The company's latest report, 'Oil and Gas Industry Annual Contracts Analytics by Region, Sector, Planned and Awarded Contracts and Top Contractors', reveals that the total disclosed contract value kept momentum at US$187.48bn in 2023, only slightly lower than the US$189.94bn reported in 2022.

Pritam Kad, oil and gas analyst at GlobalData, said, “This resilience is attributed to high-value contracts from notable contractors such as Technip Energies and Consolidated Contractors' that secured $10 billion EPCC contract for QatarEnergy’s North Field South LNG project. Tecnimont’s US$8.7bn, Saipem and NPCC Consortiums’ US$8.2bn EPC contracts for the Hail and Ghasha Development Project in the UAE, Yinson Holdings’ US$5.3bn Agogo FPSO charter and maintenance, and Hyundai’s US$5bn EPC work for Amiral petrochemicals facility expansion in Saudi Arabia.”

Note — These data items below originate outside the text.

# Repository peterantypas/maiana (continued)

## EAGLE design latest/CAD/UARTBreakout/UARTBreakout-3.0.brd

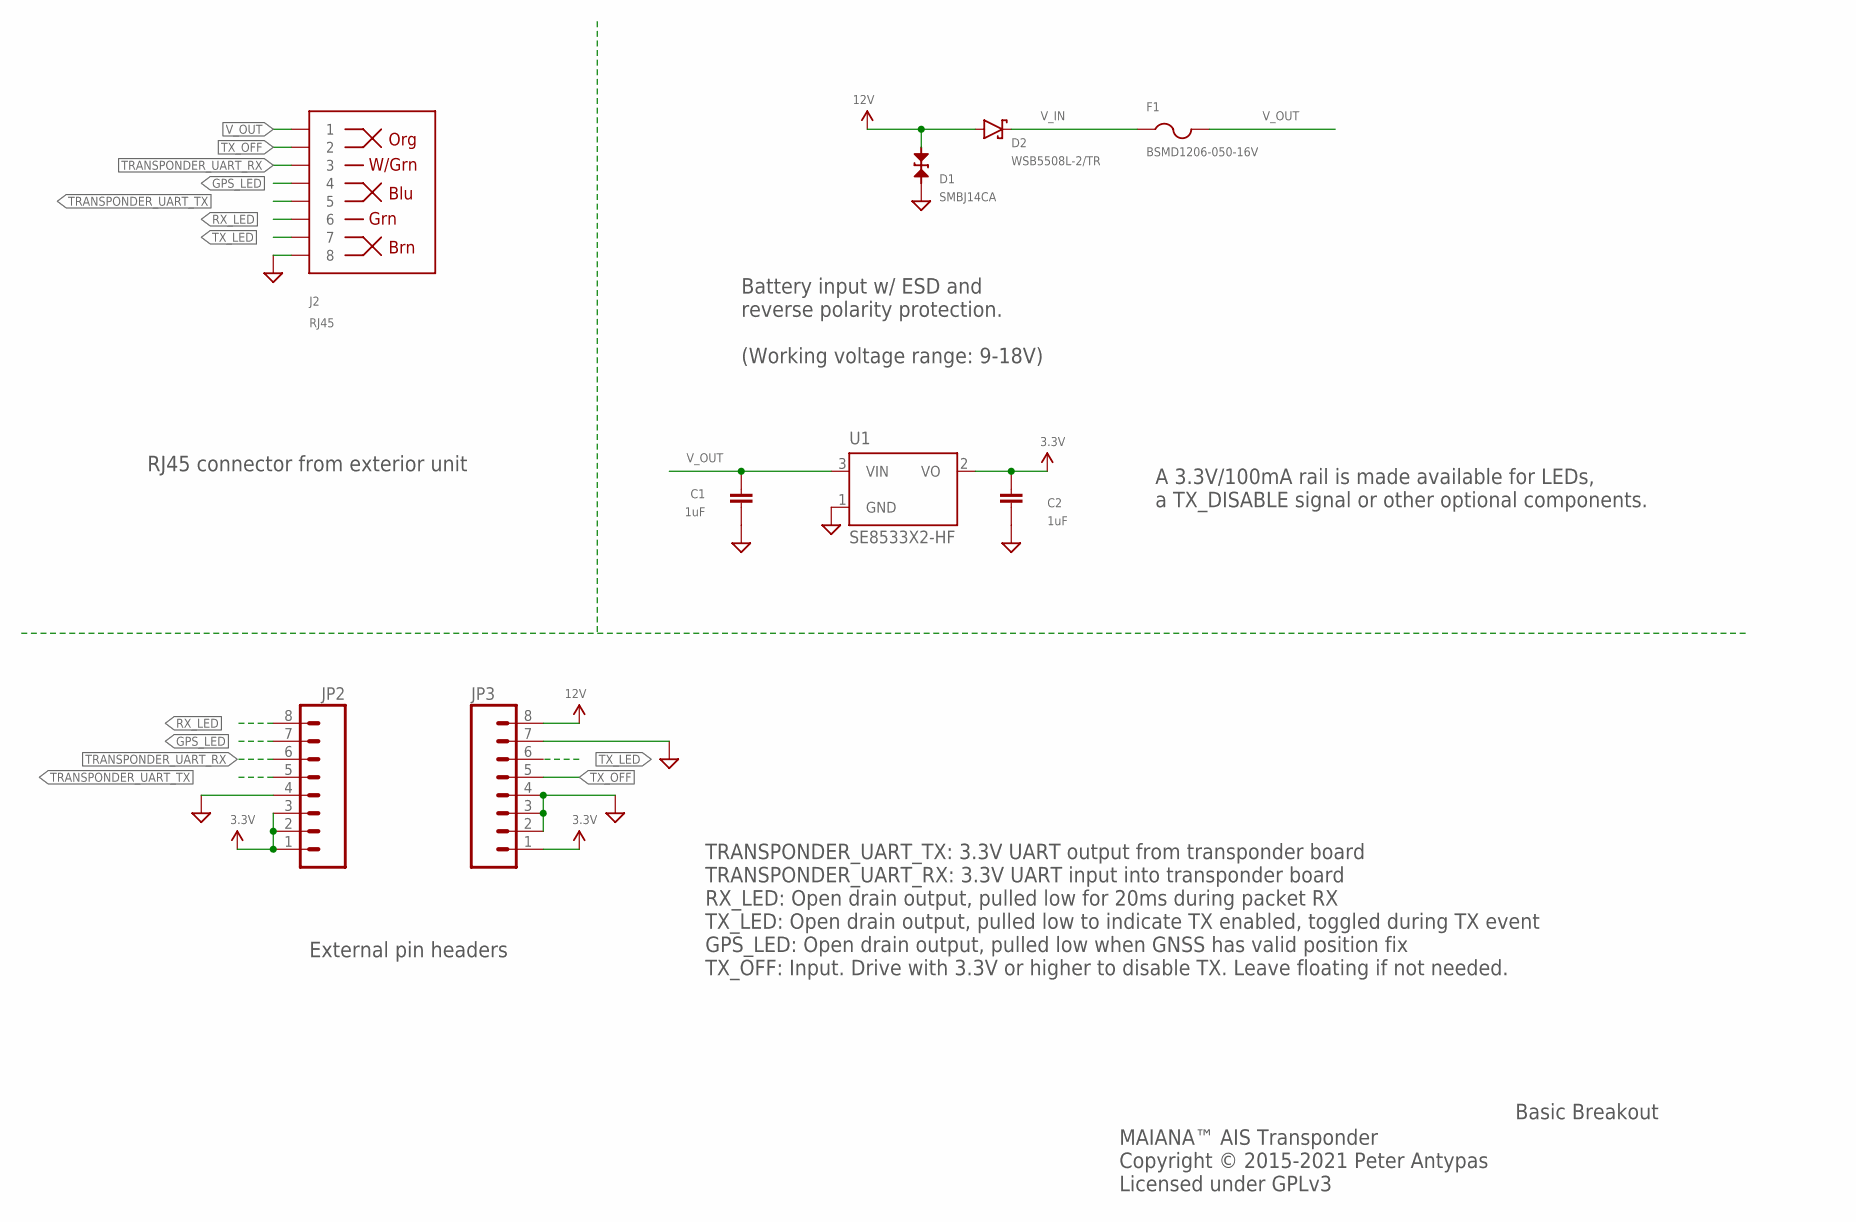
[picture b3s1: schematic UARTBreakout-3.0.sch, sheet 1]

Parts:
C1, C2: 1uF; 0603; PARTNO CC0603KRX5R8BB105
D1: SMBJ14CA; SMB-BIDIR; PARTNO SMBJ14CA
D2: WSB5508L-2/TR; SOD123; PARTNO WSB5508L-2/TR
F1: BSMD1206-050-16V; R1206; PARTNO BSMD1206-050-16V
J2: RJ45; RJ45-8; PARTNO 95501-2821
JP2, JP3: M08SILK_FEMALE_PTH; 1X08
U1: SE8533X2-HF; SOT23; PARTNO SE8533X2-HF

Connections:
3.3V: C2.P$1 (1), JP2.1, JP2.2, JP2.3, JP3.1, U1.2 (VO)
12V: D1.A, D2.A, JP3.8
GND: C1.P$2 (2), C2.P$2 (2), D1.C, J2.8, JP2.4, JP3.2, JP3.3, JP3.4, JP3.7, U1.1 (GND); also elsewhere on the board
GPS_LED: J2.4, JP2.7
RX_LED: J2.6, JP2.8
TRANSPONDER_UART_RX: J2.3, JP2.6; also elsewhere on the board
TRANSPONDER_UART_TX: J2.5, JP2.5; also elsewhere on the board
TX_LED: J2.7, JP3.6
TX_OFF: J2.2, JP3.5
V_IN: D2.C, F1.1
V_OUT: C1.P$1 (1), F1.2, J2.1, U1.3 (VIN)

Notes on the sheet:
MAIANA™ AIS Transponder Copyright © 2015-2021 Peter Antypas Licensed under GPLv3
Basic Breakout
Battery input w/ ESD and reverse polarity protection. (Working voltage range: 9-18V)
RJ45 connector from exterior unit
External pin headers
TRANSPONDER_UART_TX: 3.3V UART output from transponder board TRANSPONDER_UART_RX: 3.3V UART input into transponder board RX_LED: Open drain output, pulled low for 20ms during packet RX TX_LED: Open drain output, pulled low to indicate TX enabled, toggled during TX event GPS_LED: Open drain output, 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
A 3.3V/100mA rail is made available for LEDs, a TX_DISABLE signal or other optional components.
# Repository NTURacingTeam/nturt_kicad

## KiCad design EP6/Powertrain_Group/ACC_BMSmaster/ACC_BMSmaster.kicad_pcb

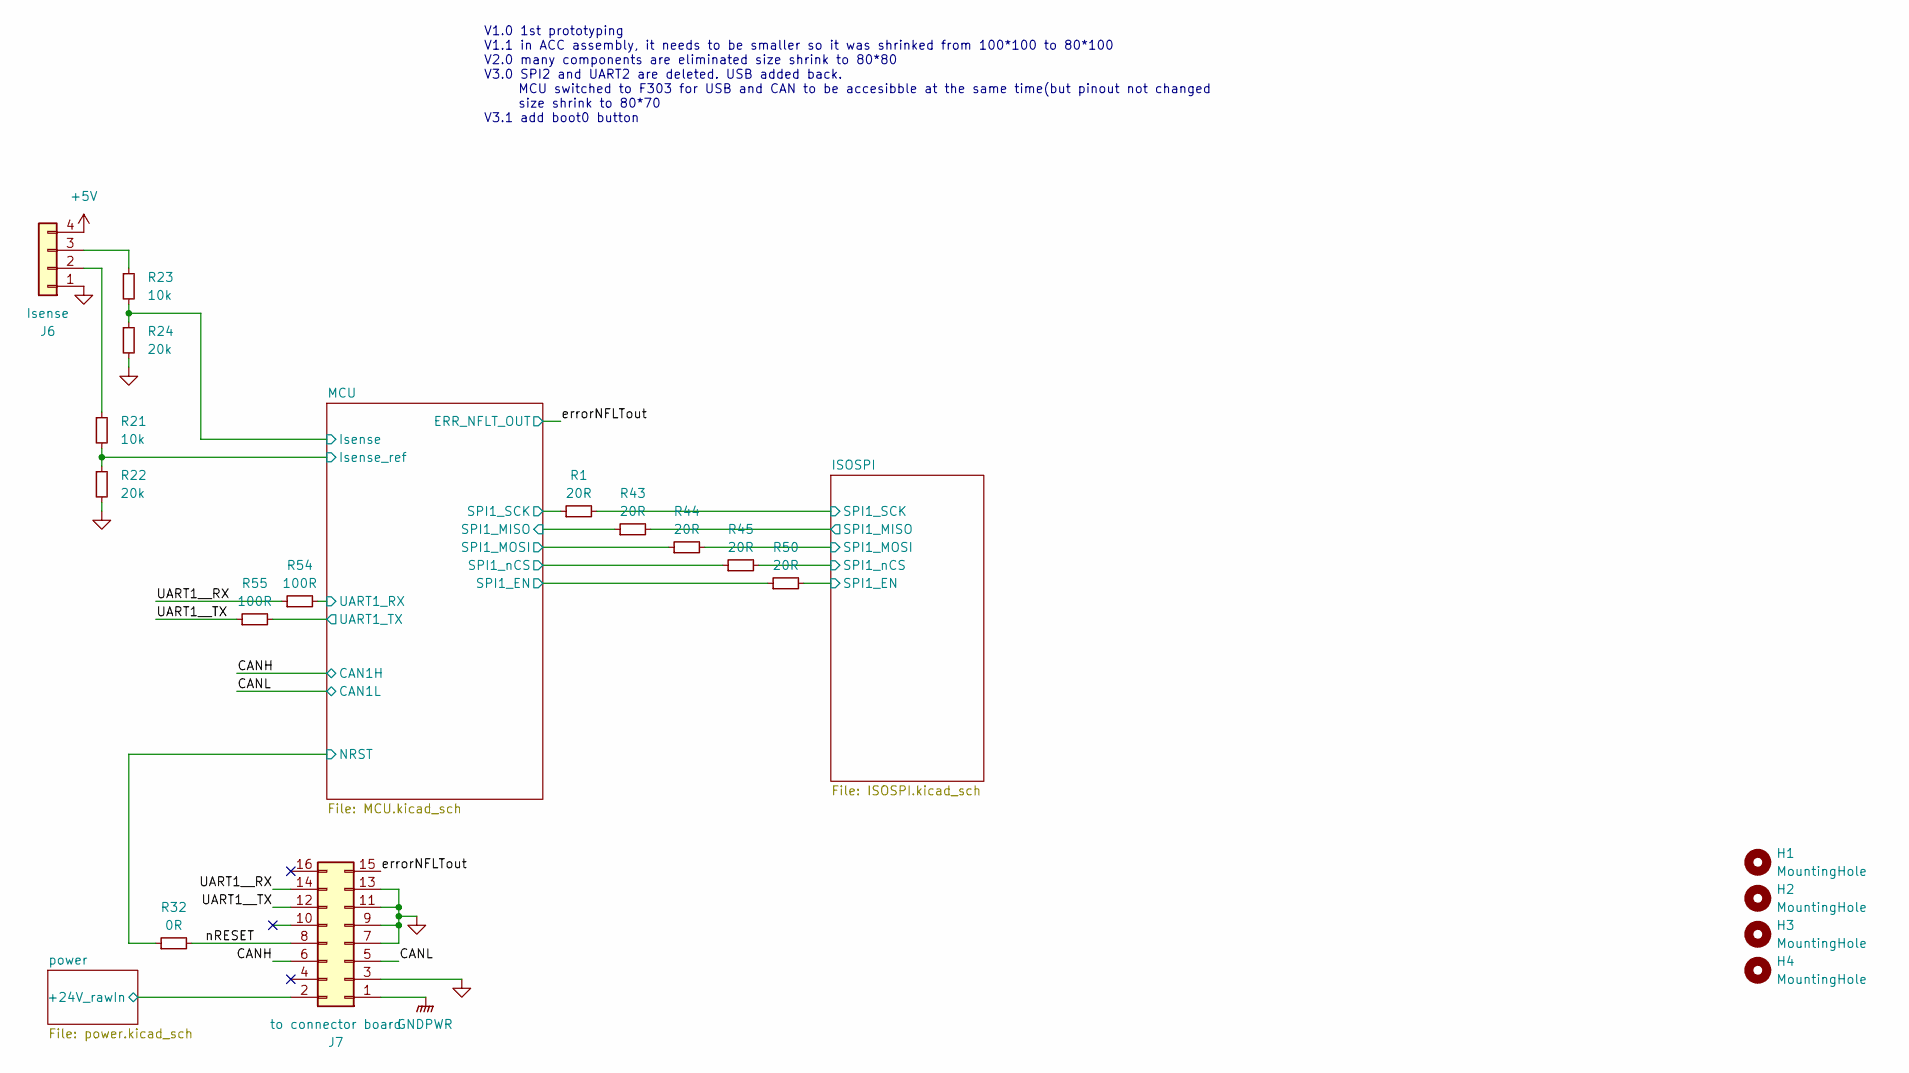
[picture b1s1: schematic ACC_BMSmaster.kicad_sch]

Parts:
H1, H2, H3, H4: MountingHole; MountingHole_3.2mm_M3
J6: Isense; JST_PH_B4B-PH-K_1x04_P2.00mm_Vertical
J7: to connector board; IDC-Header_2x08_P2.54mm_Vertical
R1, R43, R44, R45, R50: 20R; R_0402_1005Metric
R21, R23: 10k; R_0402_1005Metric
R22, R24: 20k; R_0402_1005Metric
R32: 0R; R_0402_1005Metric
R54, R55: 100R; R_0402_1005Metric

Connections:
+5V: J6.4; also elsewhere on the board
/CANH: J7.6; also elsewhere on the board
/CANL: J7.5; also elsewhere on the board
/ISOSPI/SPI1_EN: R50.2; also elsewhere on the board
/ISOSPI/SPI1_MISO: R43.2; also elsewhere on the board
/ISOSPI/SPI1_MOSI: R44.2; also elsewhere on the board
/ISOSPI/SPI1_SCK: R1.2; also elsewhere on the board
/ISOSPI/SPI1_nCS: R45.2; also elsewhere on the board
/MCU/Isense: R23.2, R24.1; also elsewhere on the board
/MCU/Isense_ref: R21.2, R22.1; also elsewhere on the board
/MCU/SPI1_EN: R50.1; also elsewhere on the board
/MCU/SPI1_MISO: R43.1; also elsewhere on the board
/MCU/SPI1_MOSI: R44.1; also elsewhere on the board
/MCU/SPI1_SCK: R1.1; also elsewhere on the board
/MCU/SPI1_nCS: R45.1; also elsewhere on the board
/MCU/SWD_NRST: R32.1; also elsewhere on the board
/MCU/UART1_RX: R54.2; also elsewhere on the board
/MCU/UART1_TX: R55.2; also elsewhere on the board
/UART1__RX: J7.14, R54.1
/UART1__TX: J7.12, R55.1
/errorNFLTout: J7.15; also elsewhere on the board
/nRESET: J7.8, R32.2
/power/+24V_preCMfilter: J7.2; also elsewhere on the board
GND: J6.1, J7.3, J7.7, J7.9, J7.11, J7.13, R22.2, R24.2; also elsewhere on the board
GNDPWR: J7.1; also elsewhere on the board
unnamed: J6.2, R21.1
unnamed: J6.3, R23.1

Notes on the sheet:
V1.0 1st prototyping V1.1 in ACC assembly, it needs to be smaller so it was shrinked from 100*100 to 80*100 V2.0 many components are eliminated size shrink to 80*80 V3.0 SPI2 and UART2 are deleted. USB added back. MCU switched to F303 for USB and CAN to be accesibble at the same time(but pinout not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

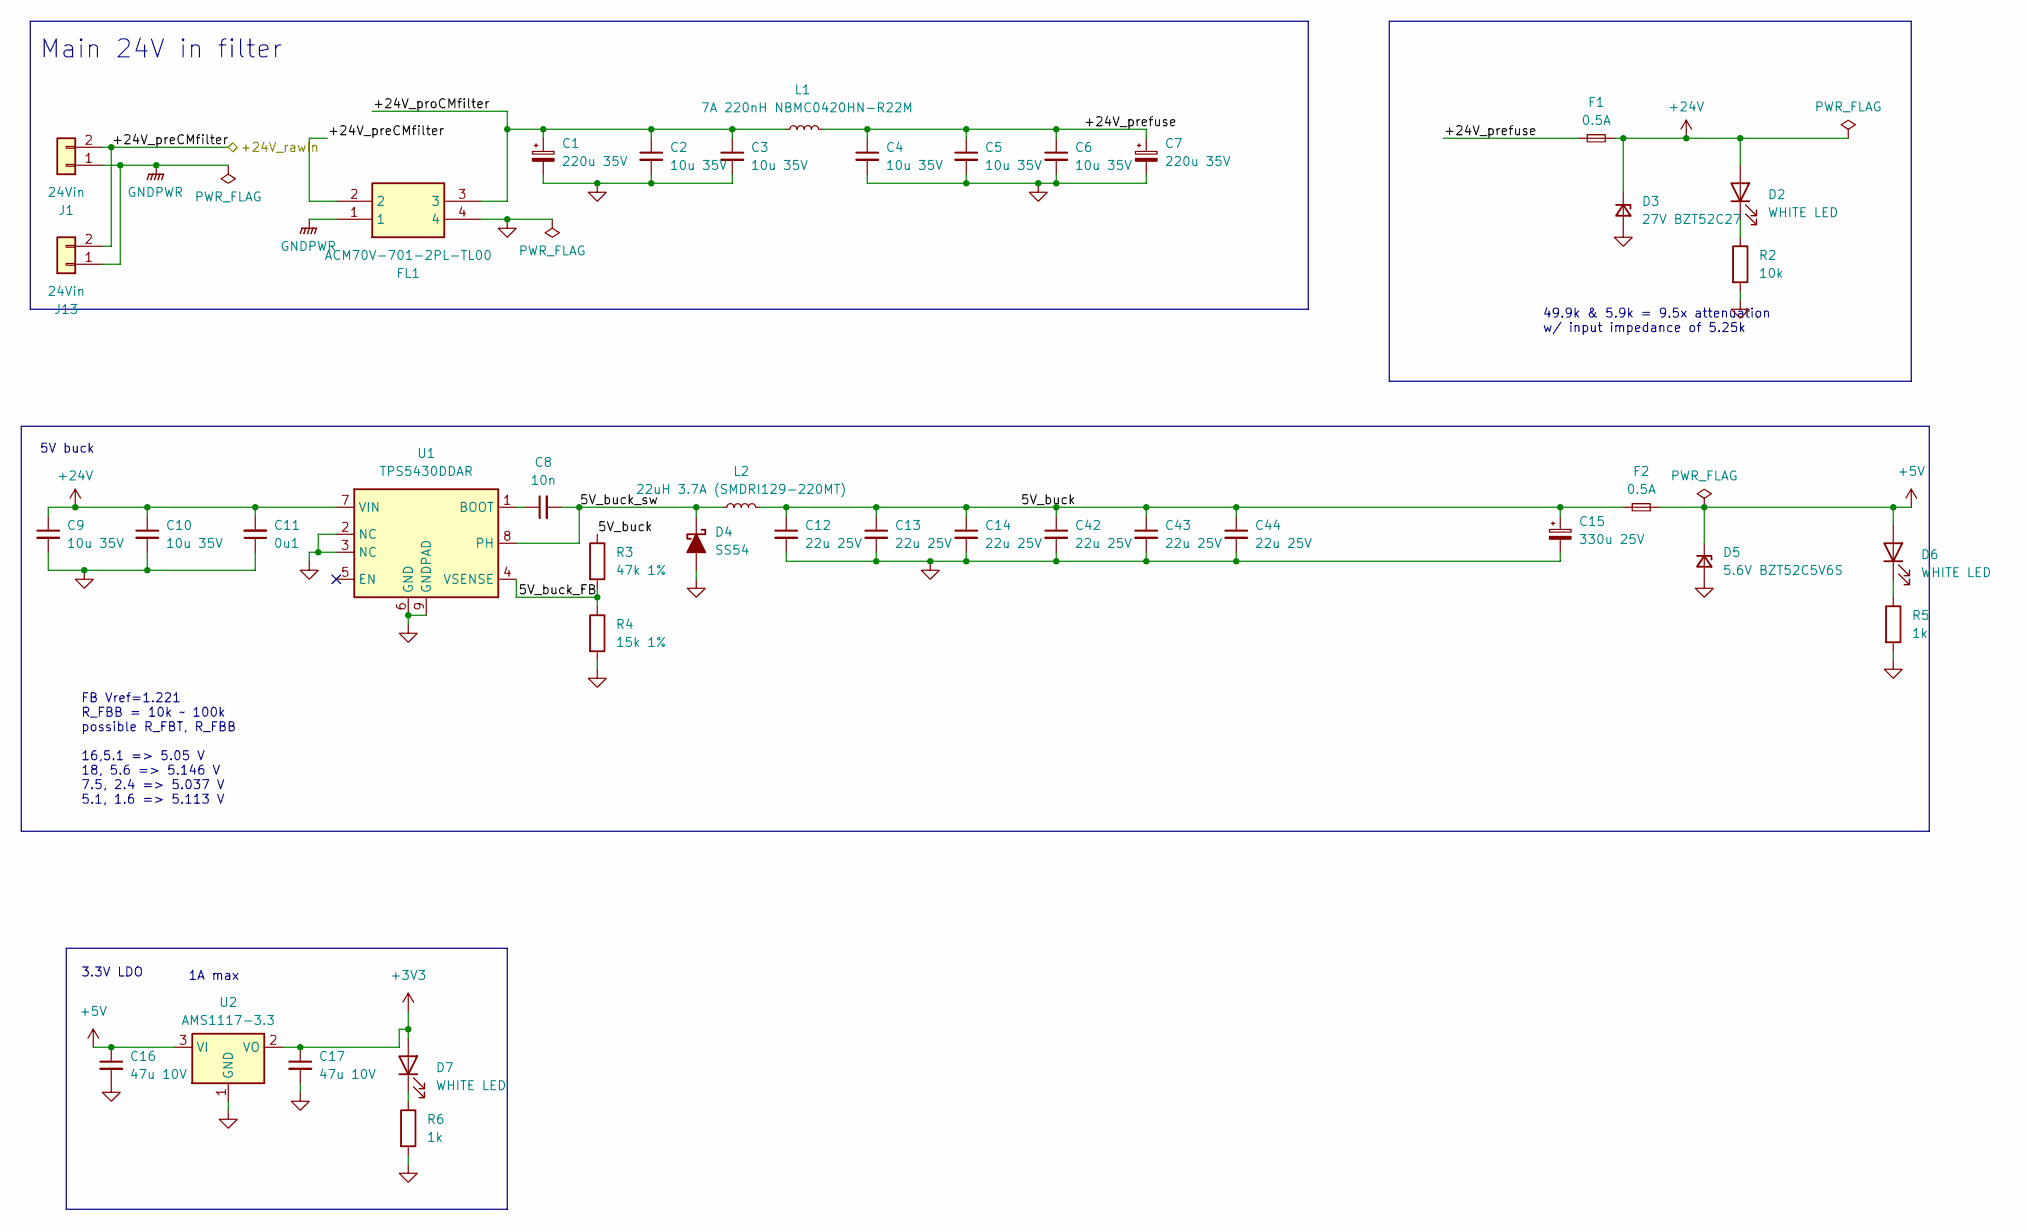
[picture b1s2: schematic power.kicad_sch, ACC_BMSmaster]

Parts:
C1, C7: 220u 35V; CP_Radial_D8.0mm_P3.80mm
C2, C3, C4, C5, C6, C9, C10: 10u 35V; C_1206_3216Metric
C8: 10n; C_0603_1608Metric
C11: 0u1; C_0603_1608Metric
C12, C13, C14, C42, C43, C44: 22u 25V; C_1206_3216Metric
C15: 330u 25V; CP_Radial_D8.0mm_P3.80mm
C16, C17: 47u 10V; C_1206_3216Metric
D2, D6, D7: WHITE LED; LED_0603_1608Metric
D3: 27V BZT52C27; D_SOD-323
D4: SS54; D_SMA
D5: 5.6V BZT52C5V6S; D_SOD-323
F1, F2: 0.5A; Fuse_1206_3216Metric
FL1: ACM70V-701-2PL-TL00; ACM70V7012PLTL00; Mouser Part Number 810-ACM70V7012PLTL00
J1, J13: 24Vin; JST_VH_B2P-VH_1x02_P3.96mm_Vertical
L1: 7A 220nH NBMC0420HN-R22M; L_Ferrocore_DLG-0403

Operations and maintenance (O&M) represented the majority with 51% of the total contracts in 2023, followed by procurement scope at 25%, and multiple scopes, including construction, design and engineering, installation, procurement, O&M, and asset retirement, accounted for around 12% of the contracts.

The most prominent of the contracts were Technip Energies and CCC JV’s US$10bn EPCC contract for QatarEnergy’ two mega LNG trains with a capacity of 8 mmtpa each, along with associated facilities as part of the North Field South (NFS) project in Qatar; Tecnimont’s approximately US$8.7bn EPC, and Saipem and NPCC’s US$8.2bn EPC for processing plants, drilling centers, pipeline and utilities infrastructure for the Hail and Ghasha Development Project in Abu Dhabi, UAE.

Additionally, Yinson Holdings’ US$5.3bn contract for Agogo FPSO charter and operation and maintenance work, and Hyundai’s US$5bn EPC work for mixed feed cracker (MFC) and utilities, flares and interconnecting facilities at the Amiral petrochemicals facility expansion in Saudi Arabia.

“The oil & gas industry's ability to secure high-value contracts for major projects underscores its enduring strength and adaptability in navigating turbulent times,” said Kad.